New Advancements in 3D Printing Mean a Better Fit for Amputees

physio working with prosthetic leg

New advancements in 3D printing mean a better fit for amputees

Each year one million amputations occur globally, with below-the-knees procedures
becoming the most common. In the UK, up to 5000 were performed last year. Public
healthcare institutions like the NHS are struggling to meet the implant demand.

By Danielle De La Bastide

For the patient, healing and adapting to a new prosthetic can come with complications of its own, some arising from a bad fit. According to Raconteur, 16 per cent of patients surveyed by NHS England complained the most about socket fit.

Creating a cheaper and adaptable interface between the residual site and artificial limb can help normalise life post-amputation. Additive manufacturing (3D printing) has become a tool needed to achieve this goal. 

There have been many stunning developments in the medical manufacturing arena, most notably in the field of prosthetics. Recently, researchers from the Department of Mechanical Engineering, Department for Health and Centre for the Analysis of Motion, Entertainment Research and Applications (CAMERA) at The University of Bath have combined computer science and innovative manufacturing to create custom prosthetic liners in under one day. 

At the outset of an amputation, the residual limb tends to change shape during the 12 – 18 months of healing time. The current silicone liners offered to connect leg or arm to prosthesis can fail to adjust, causing the amputee to add more layers for comfort and to prevent tissue damage. 

Additive manufacturing uses 3D technologies to create bespoke devices in numerous materials quickly. For the medical community, these methods make for a smooth collaboration due to the rise in demand for more streamlined production and delivery of medical products. 

“We hope to demonstrate this approach is economically viable for use in the NHS and believe this can reduce the burden and costs on the NHS as well as dramatically improve the quality of life of amputees using prosthetics,”

Currently, implants that used to take weeks to produce now take hours with 3D printing methods due to the reliance on computer-aided design (CAD) software. CAD removes the need for creating physical models that can take weeks to produce, and instead uses real-time data from 3D scanners. 

The research team leveraged this process to create a prosthetic liner that is both cost-effective and long-lasting.
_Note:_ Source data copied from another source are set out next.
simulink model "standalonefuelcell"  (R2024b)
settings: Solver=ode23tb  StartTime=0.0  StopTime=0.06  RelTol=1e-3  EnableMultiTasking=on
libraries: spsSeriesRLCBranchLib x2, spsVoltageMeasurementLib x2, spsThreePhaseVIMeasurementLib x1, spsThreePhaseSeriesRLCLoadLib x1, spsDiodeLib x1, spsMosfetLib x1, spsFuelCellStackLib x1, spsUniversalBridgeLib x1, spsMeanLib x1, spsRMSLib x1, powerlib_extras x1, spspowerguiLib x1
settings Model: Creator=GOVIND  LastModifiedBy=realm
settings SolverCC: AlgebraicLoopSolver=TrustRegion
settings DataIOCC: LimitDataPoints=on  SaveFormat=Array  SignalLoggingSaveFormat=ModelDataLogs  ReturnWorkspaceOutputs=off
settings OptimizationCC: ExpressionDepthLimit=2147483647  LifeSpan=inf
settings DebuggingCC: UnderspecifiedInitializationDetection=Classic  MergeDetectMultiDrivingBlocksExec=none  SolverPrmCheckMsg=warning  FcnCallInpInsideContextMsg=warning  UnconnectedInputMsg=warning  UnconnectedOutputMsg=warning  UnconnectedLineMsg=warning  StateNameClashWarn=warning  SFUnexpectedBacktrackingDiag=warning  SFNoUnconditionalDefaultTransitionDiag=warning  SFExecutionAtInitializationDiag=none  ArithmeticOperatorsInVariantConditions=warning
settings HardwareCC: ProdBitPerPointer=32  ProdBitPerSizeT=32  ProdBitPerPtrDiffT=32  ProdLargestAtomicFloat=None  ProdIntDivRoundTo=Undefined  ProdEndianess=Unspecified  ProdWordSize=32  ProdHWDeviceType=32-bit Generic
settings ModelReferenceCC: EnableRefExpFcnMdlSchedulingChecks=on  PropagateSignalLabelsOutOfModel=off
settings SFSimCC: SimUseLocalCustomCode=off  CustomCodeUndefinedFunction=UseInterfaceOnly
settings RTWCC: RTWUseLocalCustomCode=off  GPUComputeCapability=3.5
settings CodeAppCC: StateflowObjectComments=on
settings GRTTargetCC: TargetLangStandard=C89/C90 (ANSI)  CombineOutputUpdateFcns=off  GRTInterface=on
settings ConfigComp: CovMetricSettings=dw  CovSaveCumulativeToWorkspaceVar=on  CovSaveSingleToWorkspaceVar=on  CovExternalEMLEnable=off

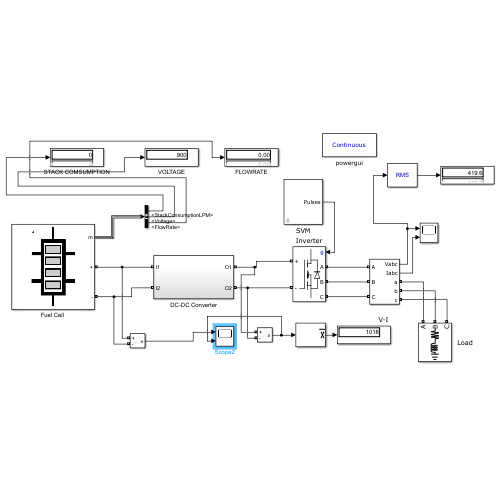
[thumbnail: Simulink's stored preview of the top-level diagram]
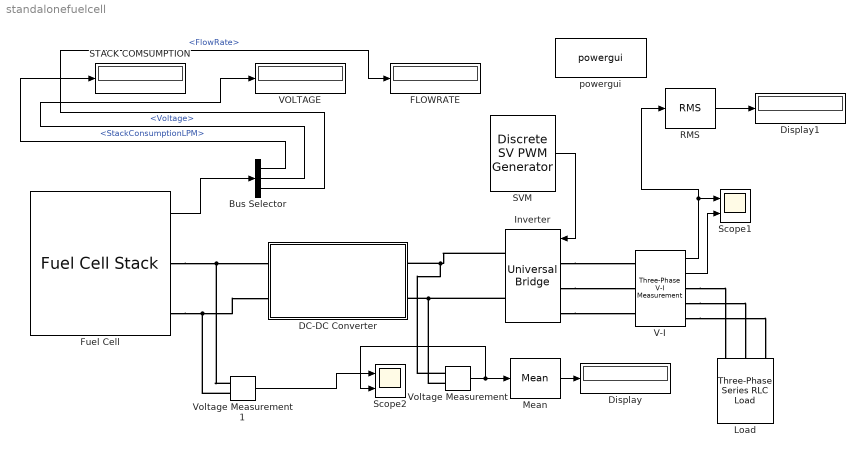
== system standalonefuelcell ==
  " V-I " : spsThreePhaseVIMeasurementLib/Three-Phase V-I Measurement  VoltageMeasurement=phase-to-ground  SetLabelV=off  LabelV=Vabc  Vpu=off  VpuLL=off  CurrentMeasurement=yes  SetLabelI=off  LabelI=Iabc  Ipu=off  Pbase=100e6  Vbase=500e3  OutputType=Complex  PhasorSimulation=off  PSBequivalent=0
  " Load" : spsThreePhaseSeriesRLCLoadLib/Three-Phase Series RLC Load  LConnTagsString=A|B|C  Configuration=Y (grounded)  NominalVoltage=500  Vabc=[1e3 1e3 1e3]  Vabcp=[1e3 1e3 1e3]  NominalFrequency=50  UnbalancedPower=off  ActivePower=500  InductivePower=100  CapacitivePower=0  Pabc=[10e3 9e3 11e3]  QLabc=[100 90 110]  QCabc=[100 90 110]  Pabcp=[10e3 9e3 11e3]  QLabcp=[100 90 110]  QCabcp=[100 90 110]  Measurements=None  LoadType=constant Z
  Bus Selector : BusSelector  OutputSignals=StackConsumptionLPM,Voltage,FlowRate
  DC-DC Converter : Subsystem
  Display : Display
  Display1 : Display
  FLOWRATE : Display
      settings: Format=bank
  "Fuel Cell " : spsFuelCellStackLib/Fuel Cell Stack  PresetModel=PEMFC - 50 kW - 625 Vdc  FcType=Proton Exchange Membrane (PEM)  Detailed=Simplified  Eoc=[900,895]  NomVI=[80,625]  EndVI=[280,430]  Nc=900  n=55  TOp=65  AirFr=2100  SuppPress=[1.5,1]  Comp=[99.95,21,1]  SignX=off  SignY=off  FlowRateH2=on  FlowRateAir=off  SystemTemp=off  SystemPH2=off  SystemPAir=off  FCDyn=off  FC_tau=0  Peak_O2=80  V_Under=10
  Inverter : spsUniversalBridgeLib/Universal Bridge  Arms=3  SnubberResistance=1e5  SnubberCapacitance=inf  Device=MOSFET / Diodes  Ron=1e-3  Lon=0  ForwardVoltages="[  0  0  ]"  ForwardVoltage=0  GTOparameters=[ 10e-6 , 20e-6 ]  IGBTparameters=[ 1e-6 , 2e-6 ]  Measurements=None  Measurements_2=None  converterType=Rectifier
  Mean : spsMeanLib/Mean  Freq=60  Vinit=0  Ts=0
  RMS : spsRMSLib/RMS  TrueRMS=on  Freq=50  RMSInit=120  Ts=0
  STACK COMSUMPTION : Display
      settings: Decimation=5
  SVM : powerlib_extras/Discrete  Control Blocks/Discrete SV PWM Generator  InputType=Internally generated  SwitchingPattern=Pattern #1  Fc=10000  ParUref=[0.8 0 50]  Ts=2e-6
  Scope1 : Scope  NumInputPorts=2
  Scope2 : Scope  NumInputPorts=2
  VOLTAGE : Display
  Voltage Measurement : spsVoltageMeasurementLib/Voltage Measurement  PhasorSimulation=off  OutputType=Complex  PSBequivalent=0
  Voltage Measurement1 : spsVoltageMeasurementLib/Voltage Measurement  PhasorSimulation=off  OutputType=Complex  PSBequivalent=0
  powergui : spspowerguiLib/powergui  Priority=1  SimulationMode=Continuous  SampleTime=50e-6  frequency=50  Iterations=50  frequencyindice=0  Pbase=100e6  ErrMax=1e-4  UnitsV=kV  UnitsW=MW  buscounter=0  FunctionMessages=off  echomessages=off  EnableUseOfTLC=off  CurrentSourceSwitches=off  DisableSnubberDevices=off  DisableRonSwitches=off  DisableVfSwitches=off  DisplayEquations=off  AutomaticDiscreteSolvers=off  SolverType=Tustin/Backward Euler (TBE)  Interpol=off  ExternalGateDelay=off  methode=off  Ts=0  x0status=blocks  SPID=off  SwTol=0  HookPort=off  NonlinearTolerance=1e-4  nMaxIteration=100  ContinueOnMaxIteration=off  RestoreLinks=warning  ResistiveCurrentMeasurement=off  Frange=[0:2:500]  Ylog=off  Xlog=on  ShowGrid=off  save=off  variable=ZData  structure=simout2  ZoomFFT=on  StartTime=0.02  cycles=2  DisplayStyle=1  fundamental=50  FreqAxis=on  MaxFrequency=5000  frequencyindicesteady=1  RmsSteady=1  display=off
  wires:
  " V-I "/1 -> RMS/1, Scope1/1
  " V-I "/2 -> Scope1/2
  SVM/1 -> Inverter/1
  "Fuel Cell "/1 -> Bus Selector/1
  Bus Selector/1 -> STACK COMSUMPTION/1  "<StackConsumptionLPM>"
  Bus Selector/2 -> VOLTAGE/1  "<Voltage>"
  Bus Selector/3 -> FLOWRATE/1  "<FlowRate>"
  Voltage Measurement/1 -> Scope2/2, Mean/1
  Mean/1 -> Display/1
  Voltage Measurement1/1 -> Scope2/1
  RMS/1 -> Display1/1
  connections:
  " V-I "/RConn1 -- " Load"/LConn1
  " V-I "/RConn2 -- " Load"/LConn2
  " V-I "/RConn3 -- " Load"/LConn3
  Inverter/LConn1 -- " V-I "/LConn1
  Inverter/LConn2 -- " V-I "/LConn2
  Inverter/LConn3 -- " V-I "/LConn3
  "Fuel Cell "/RConn1 -- Voltage Measurement1/LConn1 -- DC-DC Converter/RConn1
  Inverter/RConn1 -- Voltage Measurement/LConn1 -- DC-DC Converter/LConn1
  Inverter/RConn2 -- Voltage Measurement/LConn2 -- DC-DC Converter/LConn2
  "Fuel Cell "/RConn2 -- Voltage Measurement1/LConn2 -- DC-DC Converter/RConn2

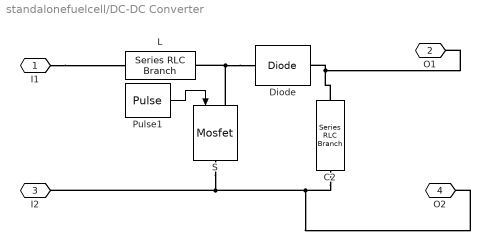
== system standalonefuelcell/DC-DC Converter ==
  C2 : spsSeriesRLCBranchLib/Series RLC Branch  LConnTagsString=__new0  RConnTagsString=__new0  BranchType=C  Resistance=1  Inductance=1e-3  SetiL0=off  InitialCurrent=0  Capacitance=2200e-6  Setx0=off  InitialVoltage=0  Measurements=None
  Diode : spsDiodeLib/Diode  Ron=0.001  Lon=0  Vf=0.8  IC=0  UseSnubber=off  Rs=500  Cs=250e-9  Measurements=off
  L : spsSeriesRLCBranchLib/Series RLC Branch  LConnTagsString=__new0  RConnTagsString=__new0  BranchType=L  Resistance=1  Inductance=10e-3  SetiL0=off  InitialCurrent=0  Capacitance=1e-6  Setx0=off  InitialVoltage=0  Measurements=None
  Pulse1 : DiscretePulseGenerator  PulseType=Time based  Amplitude=12  Period=10e-6  PulseWidth=6e-6
  S : spsMosfetLib/Mosfet  Ron=0.1  Lon=0  Rd=0.01  Vfd=0  IC=0  Rs=1e5  Cs=inf  Measurements=off
  I1 : PMIOPort  Side=Right
  O1 : PMIOPort  Port=2  Side=Left
  I2 : PMIOPort  Port=3  Side=Right
  O2 : PMIOPort  Port=4  Side=Left
  wires:
  Pulse1/1 -> S/1
  connections:
  I1/RConn1 -- L/LConn1
  O2/RConn1 -- C2/RConn1 -- I2/RConn1 -- S/RConn1
  O1/RConn1 -- C2/LConn1 -- Diode/RConn1
  Diode/LConn1 -- L/RConn1 -- S/LConn1

“Using a state-of-the-art scanner which quickly captures 3D shape, the research team precisely scans an amputee’s residuum. The scanned data is then used to create a full digital model of the residuum, which is subsequently used to design the personalised liner. The liner is then manufactured using a cryogenic machining technique, negating the need for complex and time-consuming moulds,” states a press release from The University of Bath. 

Typically, an amputee would have to visit their NHS centre multiple times during recovery to refit their liner. The technique proposed by the research team is expected to reduce the time spent using NHS resources by providing the patient with a series of custom liners sized according to the growth of the residual limb. 

prosthetic leg and team

L-R: Dr Elena Seminati, John Roberts, Matt Young and Dr Vimal Dhokia

With this process in development, the team hopes to expand their new techniques outside the university walls.

 “We hope to demonstrate this approach is economically viable for use in the NHS and believe this can reduce the burden and costs on the NHS as well as dramatically improve the quality of life of amputees using prosthetics,” concludes the report. 

In the next few years, medicine and manufacturing on-demand (MOD) like 3D printing will only continue to collaborate, through the use of neural integrations, software improvements and socket technology. The future of MOD is set to expedite the treatment process and simplify the supply chain by producing custom materials accurate to the minute detail. With real-time data, manufacturers can begin building prototypes immediately and have parts sent to the client in the same day. 

In the future, obtaining a custom prosthetic won’t be as arduous or costly; the status quo could develop into patients printing a liner or limb themselves.